When you reach the line containing "AP send Connector1 : AP_Conector_new/AP" in the records below, start copying exactly, and stop once you have copied the line containing "Constant1 : Constant".

Stored items
***

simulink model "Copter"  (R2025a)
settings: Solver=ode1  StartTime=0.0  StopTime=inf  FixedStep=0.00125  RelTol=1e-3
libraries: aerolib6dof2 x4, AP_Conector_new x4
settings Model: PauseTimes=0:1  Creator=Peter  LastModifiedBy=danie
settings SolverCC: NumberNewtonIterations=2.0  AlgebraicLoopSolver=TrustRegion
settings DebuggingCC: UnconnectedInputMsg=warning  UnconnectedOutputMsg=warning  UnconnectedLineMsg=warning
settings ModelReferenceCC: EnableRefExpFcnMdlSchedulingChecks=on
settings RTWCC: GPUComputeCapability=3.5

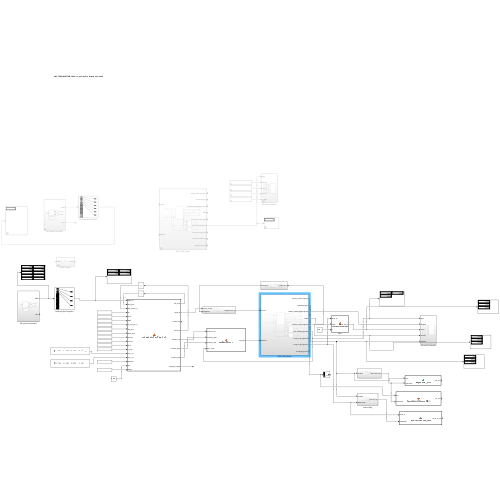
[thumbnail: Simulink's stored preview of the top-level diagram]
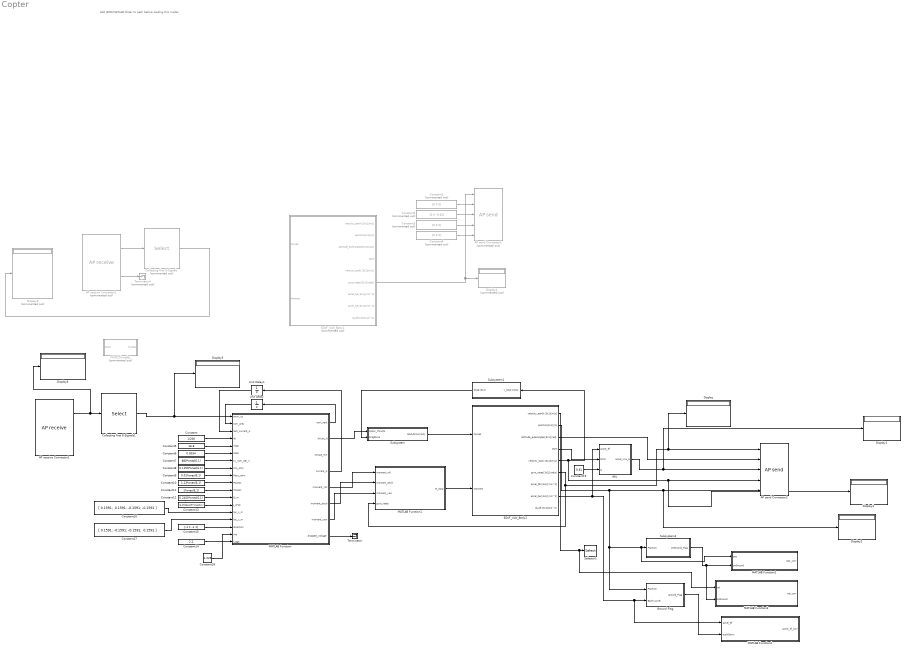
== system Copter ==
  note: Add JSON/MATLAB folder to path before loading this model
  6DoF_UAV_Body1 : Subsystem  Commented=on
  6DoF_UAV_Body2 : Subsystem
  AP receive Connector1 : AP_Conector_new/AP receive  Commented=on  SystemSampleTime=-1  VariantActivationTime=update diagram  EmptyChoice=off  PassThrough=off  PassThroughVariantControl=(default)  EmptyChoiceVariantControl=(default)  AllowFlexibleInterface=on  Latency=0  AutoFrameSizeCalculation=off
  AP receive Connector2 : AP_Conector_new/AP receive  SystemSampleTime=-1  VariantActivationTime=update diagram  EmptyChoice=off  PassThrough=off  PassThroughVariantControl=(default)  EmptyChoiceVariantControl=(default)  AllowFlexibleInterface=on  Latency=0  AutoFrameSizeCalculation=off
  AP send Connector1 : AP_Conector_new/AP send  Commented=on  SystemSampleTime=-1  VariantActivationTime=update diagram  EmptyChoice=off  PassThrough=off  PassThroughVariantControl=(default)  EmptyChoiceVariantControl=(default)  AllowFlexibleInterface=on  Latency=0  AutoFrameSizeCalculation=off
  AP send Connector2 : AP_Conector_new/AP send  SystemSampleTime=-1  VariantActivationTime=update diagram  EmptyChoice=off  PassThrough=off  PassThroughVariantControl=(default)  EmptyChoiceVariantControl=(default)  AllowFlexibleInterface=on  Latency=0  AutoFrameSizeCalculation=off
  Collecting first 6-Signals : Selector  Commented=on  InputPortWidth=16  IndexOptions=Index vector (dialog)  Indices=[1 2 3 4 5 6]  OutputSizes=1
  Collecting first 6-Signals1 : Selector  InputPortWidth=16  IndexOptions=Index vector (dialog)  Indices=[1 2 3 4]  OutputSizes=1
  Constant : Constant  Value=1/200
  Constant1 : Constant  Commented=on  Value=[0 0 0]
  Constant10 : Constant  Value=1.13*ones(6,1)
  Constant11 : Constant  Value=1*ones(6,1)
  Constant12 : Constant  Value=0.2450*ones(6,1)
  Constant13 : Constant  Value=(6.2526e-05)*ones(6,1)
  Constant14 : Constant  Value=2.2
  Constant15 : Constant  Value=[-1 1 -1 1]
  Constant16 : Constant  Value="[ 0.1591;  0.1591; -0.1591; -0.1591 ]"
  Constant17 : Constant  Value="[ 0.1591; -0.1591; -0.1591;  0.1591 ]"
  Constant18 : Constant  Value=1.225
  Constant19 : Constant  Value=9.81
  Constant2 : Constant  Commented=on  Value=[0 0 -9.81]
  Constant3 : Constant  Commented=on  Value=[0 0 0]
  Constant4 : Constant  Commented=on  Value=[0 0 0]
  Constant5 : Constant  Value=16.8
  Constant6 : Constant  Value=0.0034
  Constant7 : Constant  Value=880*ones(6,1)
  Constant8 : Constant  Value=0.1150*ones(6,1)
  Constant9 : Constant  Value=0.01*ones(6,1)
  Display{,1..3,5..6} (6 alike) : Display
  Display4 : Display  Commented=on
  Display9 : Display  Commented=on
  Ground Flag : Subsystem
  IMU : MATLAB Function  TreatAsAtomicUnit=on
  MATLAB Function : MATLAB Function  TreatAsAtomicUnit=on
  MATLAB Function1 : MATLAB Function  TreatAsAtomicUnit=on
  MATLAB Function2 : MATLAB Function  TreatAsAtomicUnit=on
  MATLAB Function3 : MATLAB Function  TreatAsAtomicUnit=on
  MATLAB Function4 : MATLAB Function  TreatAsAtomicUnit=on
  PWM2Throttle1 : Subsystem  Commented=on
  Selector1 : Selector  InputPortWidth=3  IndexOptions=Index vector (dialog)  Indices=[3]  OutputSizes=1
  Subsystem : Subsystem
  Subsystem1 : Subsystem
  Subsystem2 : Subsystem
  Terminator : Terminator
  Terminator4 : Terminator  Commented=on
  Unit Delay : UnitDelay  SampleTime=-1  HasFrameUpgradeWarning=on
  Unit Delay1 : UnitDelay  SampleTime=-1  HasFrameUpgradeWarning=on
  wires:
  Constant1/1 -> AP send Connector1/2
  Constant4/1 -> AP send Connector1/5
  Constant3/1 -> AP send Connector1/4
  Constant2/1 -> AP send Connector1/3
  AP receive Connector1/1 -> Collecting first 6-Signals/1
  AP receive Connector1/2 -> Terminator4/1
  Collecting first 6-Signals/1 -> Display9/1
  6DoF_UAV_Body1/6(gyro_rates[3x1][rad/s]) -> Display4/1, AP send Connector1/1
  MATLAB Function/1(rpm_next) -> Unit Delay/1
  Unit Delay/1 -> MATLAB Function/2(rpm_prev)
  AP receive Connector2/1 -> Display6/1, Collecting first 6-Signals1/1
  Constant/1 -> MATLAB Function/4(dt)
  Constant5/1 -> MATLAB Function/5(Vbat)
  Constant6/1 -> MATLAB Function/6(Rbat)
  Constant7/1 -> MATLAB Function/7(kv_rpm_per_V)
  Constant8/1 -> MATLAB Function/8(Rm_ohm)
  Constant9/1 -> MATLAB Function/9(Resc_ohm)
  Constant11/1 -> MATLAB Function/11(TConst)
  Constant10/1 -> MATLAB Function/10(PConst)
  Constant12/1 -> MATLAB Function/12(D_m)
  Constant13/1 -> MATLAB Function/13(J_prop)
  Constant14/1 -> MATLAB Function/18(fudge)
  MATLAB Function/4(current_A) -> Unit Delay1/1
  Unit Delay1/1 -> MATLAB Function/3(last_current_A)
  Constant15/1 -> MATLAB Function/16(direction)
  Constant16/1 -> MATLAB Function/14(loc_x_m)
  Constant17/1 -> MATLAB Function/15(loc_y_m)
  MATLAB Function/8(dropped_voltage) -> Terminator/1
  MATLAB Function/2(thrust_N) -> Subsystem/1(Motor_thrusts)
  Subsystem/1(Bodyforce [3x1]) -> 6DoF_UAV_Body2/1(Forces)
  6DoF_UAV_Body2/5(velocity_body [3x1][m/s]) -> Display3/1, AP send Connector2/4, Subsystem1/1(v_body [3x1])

***

ANSWER BOX:
  AP send Connector1 : AP_Conector_new/AP send  Commented=on  SystemSampleTime=-1  VariantActivationTime=update diagram  EmptyChoice=off  PassThrough=off  PassThroughVariantControl=(default)  EmptyChoiceVariantControl=(default)  AllowFlexibleInterface=on  Latency=0  AutoFrameSizeCalculation=off
  AP send Connector2 : AP_Conector_new/AP send  SystemSampleTime=-1  VariantActivationTime=update diagram  EmptyChoice=off  PassThrough=off  PassThroughVariantControl=(default)  EmptyChoiceVariantControl=(default)  AllowFlexibleInterface=on  Latency=0  AutoFrameSizeCalculation=off
  Collecting first 6-Signals : Selector  Commented=on  InputPortWidth=16  IndexOptions=Index vector (dialog)  Indices=[1 2 3 4 5 6]  OutputSizes=1
  Collecting first 6-Signals1 : Selector  InputPortWidth=16  IndexOptions=Index vector (dialog)  Indices=[1 2 3 4]  OutputSizes=1
  Constant : Constant  Value=1/200
  Constant1 : Constant  Commented=on  Value=[0 0 0]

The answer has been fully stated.